DATASET EXTRACT:
——————
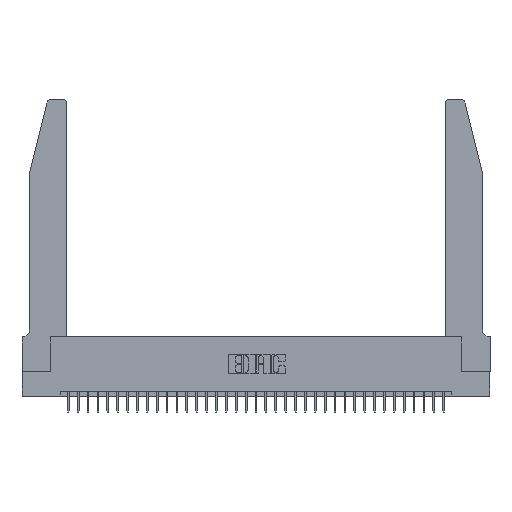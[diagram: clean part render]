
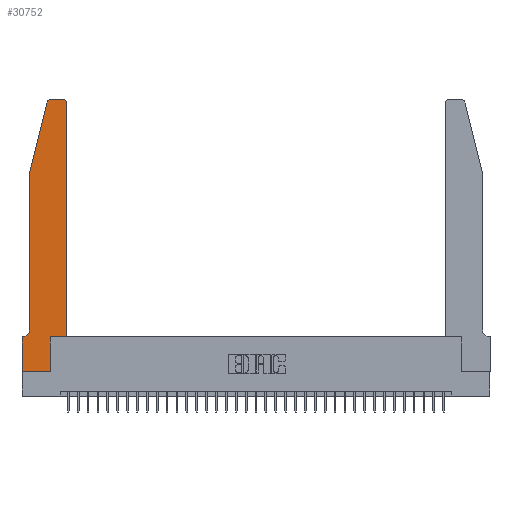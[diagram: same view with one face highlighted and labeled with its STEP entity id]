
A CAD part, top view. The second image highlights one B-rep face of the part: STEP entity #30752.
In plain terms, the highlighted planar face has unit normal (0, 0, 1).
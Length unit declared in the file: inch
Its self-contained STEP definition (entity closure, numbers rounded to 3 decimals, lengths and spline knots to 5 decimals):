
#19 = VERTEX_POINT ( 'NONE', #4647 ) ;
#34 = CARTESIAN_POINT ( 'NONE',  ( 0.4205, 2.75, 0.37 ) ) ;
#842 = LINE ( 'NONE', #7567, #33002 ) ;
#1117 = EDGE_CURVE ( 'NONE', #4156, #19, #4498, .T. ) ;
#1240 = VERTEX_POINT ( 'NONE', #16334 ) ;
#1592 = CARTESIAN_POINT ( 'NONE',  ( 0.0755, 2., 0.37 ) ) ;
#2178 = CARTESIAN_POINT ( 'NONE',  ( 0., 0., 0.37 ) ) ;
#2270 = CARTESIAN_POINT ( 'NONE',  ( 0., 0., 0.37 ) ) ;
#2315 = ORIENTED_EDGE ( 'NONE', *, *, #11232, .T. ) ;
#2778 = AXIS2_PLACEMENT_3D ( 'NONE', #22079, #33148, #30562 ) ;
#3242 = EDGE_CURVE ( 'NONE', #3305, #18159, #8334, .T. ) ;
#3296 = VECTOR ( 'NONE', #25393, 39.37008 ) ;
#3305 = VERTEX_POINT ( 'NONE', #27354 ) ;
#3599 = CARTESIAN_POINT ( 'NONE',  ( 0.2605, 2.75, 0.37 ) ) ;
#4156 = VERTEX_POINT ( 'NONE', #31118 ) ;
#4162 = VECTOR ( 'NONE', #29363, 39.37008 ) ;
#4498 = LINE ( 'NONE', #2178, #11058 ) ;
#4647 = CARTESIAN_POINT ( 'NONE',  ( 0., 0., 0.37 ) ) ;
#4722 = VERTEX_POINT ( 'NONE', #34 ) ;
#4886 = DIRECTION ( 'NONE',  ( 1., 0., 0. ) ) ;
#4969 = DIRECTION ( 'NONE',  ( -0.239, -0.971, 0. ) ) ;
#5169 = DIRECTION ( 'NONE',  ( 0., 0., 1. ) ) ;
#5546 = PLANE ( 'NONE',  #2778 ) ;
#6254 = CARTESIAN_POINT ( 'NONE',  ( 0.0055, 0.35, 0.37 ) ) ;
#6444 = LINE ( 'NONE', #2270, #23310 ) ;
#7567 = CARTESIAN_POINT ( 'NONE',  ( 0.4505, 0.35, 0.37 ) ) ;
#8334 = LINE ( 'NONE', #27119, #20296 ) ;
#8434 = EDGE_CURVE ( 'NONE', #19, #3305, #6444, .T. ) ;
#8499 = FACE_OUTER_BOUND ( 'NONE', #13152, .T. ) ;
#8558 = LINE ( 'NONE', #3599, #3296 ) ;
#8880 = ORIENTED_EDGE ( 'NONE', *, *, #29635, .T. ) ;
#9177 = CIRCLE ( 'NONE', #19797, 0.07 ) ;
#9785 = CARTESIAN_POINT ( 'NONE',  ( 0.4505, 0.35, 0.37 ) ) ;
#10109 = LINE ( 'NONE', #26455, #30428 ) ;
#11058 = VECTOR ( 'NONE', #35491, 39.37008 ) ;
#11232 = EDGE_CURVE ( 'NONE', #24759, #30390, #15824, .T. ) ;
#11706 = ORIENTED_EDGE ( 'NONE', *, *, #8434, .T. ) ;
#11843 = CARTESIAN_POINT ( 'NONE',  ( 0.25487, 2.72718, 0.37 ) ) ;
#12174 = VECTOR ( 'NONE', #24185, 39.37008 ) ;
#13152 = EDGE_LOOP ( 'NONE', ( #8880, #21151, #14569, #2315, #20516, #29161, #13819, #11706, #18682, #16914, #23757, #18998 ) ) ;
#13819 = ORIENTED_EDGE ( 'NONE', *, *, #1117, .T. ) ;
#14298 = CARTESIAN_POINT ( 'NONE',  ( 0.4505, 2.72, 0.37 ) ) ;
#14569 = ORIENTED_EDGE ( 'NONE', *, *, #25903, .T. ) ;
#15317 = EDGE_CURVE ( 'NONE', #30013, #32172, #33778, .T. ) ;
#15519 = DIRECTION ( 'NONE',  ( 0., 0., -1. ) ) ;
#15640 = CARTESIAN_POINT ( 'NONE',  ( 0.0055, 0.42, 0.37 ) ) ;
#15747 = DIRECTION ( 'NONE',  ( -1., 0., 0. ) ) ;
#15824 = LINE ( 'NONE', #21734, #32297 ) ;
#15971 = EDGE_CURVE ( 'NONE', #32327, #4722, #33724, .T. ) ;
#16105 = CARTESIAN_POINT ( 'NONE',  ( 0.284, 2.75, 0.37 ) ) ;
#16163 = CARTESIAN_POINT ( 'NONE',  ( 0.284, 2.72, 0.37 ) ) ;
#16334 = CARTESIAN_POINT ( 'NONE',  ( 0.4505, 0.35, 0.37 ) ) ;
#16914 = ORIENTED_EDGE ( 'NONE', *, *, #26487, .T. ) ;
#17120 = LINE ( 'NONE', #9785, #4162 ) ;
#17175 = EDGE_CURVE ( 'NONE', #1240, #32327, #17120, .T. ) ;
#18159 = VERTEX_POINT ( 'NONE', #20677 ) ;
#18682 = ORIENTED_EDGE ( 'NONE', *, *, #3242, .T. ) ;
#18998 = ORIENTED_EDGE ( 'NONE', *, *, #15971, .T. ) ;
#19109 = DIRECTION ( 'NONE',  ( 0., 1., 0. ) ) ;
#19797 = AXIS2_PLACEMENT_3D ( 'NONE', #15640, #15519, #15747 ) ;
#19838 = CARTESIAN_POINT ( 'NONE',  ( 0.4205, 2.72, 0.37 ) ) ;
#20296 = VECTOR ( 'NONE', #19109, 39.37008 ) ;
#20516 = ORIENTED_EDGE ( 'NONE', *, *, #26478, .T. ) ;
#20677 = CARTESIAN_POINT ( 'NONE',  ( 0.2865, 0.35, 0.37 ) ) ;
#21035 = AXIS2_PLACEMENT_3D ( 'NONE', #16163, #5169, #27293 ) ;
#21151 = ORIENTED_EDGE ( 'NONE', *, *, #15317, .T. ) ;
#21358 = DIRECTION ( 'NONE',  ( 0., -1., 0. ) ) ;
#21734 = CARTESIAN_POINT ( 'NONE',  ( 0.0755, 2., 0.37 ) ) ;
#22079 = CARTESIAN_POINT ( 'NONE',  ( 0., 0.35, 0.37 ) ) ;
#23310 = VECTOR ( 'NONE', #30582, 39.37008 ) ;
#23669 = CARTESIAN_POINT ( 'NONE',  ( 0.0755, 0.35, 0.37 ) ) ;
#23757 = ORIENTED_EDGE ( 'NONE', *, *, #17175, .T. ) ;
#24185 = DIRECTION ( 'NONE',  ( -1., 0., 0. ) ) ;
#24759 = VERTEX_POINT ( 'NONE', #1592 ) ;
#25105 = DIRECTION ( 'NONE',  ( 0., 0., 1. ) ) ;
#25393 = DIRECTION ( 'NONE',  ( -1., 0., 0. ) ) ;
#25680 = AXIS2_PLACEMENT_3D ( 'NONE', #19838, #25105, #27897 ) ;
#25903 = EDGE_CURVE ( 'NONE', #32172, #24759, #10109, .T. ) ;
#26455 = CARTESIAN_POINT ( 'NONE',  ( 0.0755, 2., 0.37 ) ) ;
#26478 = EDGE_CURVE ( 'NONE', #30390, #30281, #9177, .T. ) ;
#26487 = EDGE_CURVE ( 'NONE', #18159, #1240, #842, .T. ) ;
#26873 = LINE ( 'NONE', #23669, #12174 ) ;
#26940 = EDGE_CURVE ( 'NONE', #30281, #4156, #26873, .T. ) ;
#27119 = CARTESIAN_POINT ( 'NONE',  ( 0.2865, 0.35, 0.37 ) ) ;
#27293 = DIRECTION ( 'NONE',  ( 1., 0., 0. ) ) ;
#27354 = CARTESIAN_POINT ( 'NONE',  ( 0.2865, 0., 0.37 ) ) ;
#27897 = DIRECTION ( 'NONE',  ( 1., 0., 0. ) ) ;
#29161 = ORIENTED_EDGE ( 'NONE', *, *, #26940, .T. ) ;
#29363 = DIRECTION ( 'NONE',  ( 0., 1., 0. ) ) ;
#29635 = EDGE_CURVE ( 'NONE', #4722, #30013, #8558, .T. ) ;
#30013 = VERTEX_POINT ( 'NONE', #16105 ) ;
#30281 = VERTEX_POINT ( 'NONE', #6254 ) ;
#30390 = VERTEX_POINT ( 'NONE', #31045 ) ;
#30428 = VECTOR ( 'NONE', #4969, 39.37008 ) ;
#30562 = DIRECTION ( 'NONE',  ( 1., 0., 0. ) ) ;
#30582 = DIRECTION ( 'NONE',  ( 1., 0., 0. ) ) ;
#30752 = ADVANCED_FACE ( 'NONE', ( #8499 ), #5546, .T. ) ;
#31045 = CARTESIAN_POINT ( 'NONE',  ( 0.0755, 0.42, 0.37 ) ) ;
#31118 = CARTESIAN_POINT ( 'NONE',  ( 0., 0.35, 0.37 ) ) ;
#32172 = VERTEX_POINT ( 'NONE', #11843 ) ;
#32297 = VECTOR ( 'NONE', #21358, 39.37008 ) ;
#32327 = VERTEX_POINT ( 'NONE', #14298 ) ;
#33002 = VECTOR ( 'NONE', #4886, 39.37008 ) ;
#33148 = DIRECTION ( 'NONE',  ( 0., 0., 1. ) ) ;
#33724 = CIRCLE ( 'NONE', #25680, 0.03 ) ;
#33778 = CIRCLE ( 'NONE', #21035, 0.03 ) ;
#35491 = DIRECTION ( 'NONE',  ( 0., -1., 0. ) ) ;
——————
WHAT YOU WILL DO: Please repeat the line that contains "#32297 = VECTOR" and every line after it through the end of the material above, exactly and with nothing added.

SOLUTION BELOW:
#32297 = VECTOR ( 'NONE', #21358, 39.37008 ) ;
#32327 = VERTEX_POINT ( 'NONE', #14298 ) ;
#33002 = VECTOR ( 'NONE', #4886, 39.37008 ) ;
#33148 = DIRECTION ( 'NONE',  ( 0., 0., 1. ) ) ;
#33724 = CIRCLE ( 'NONE', #25680, 0.03 ) ;
#33778 = CIRCLE ( 'NONE', #21035, 0.03 ) ;
#35491 = DIRECTION ( 'NONE',  ( 0., -1., 0. ) ) ;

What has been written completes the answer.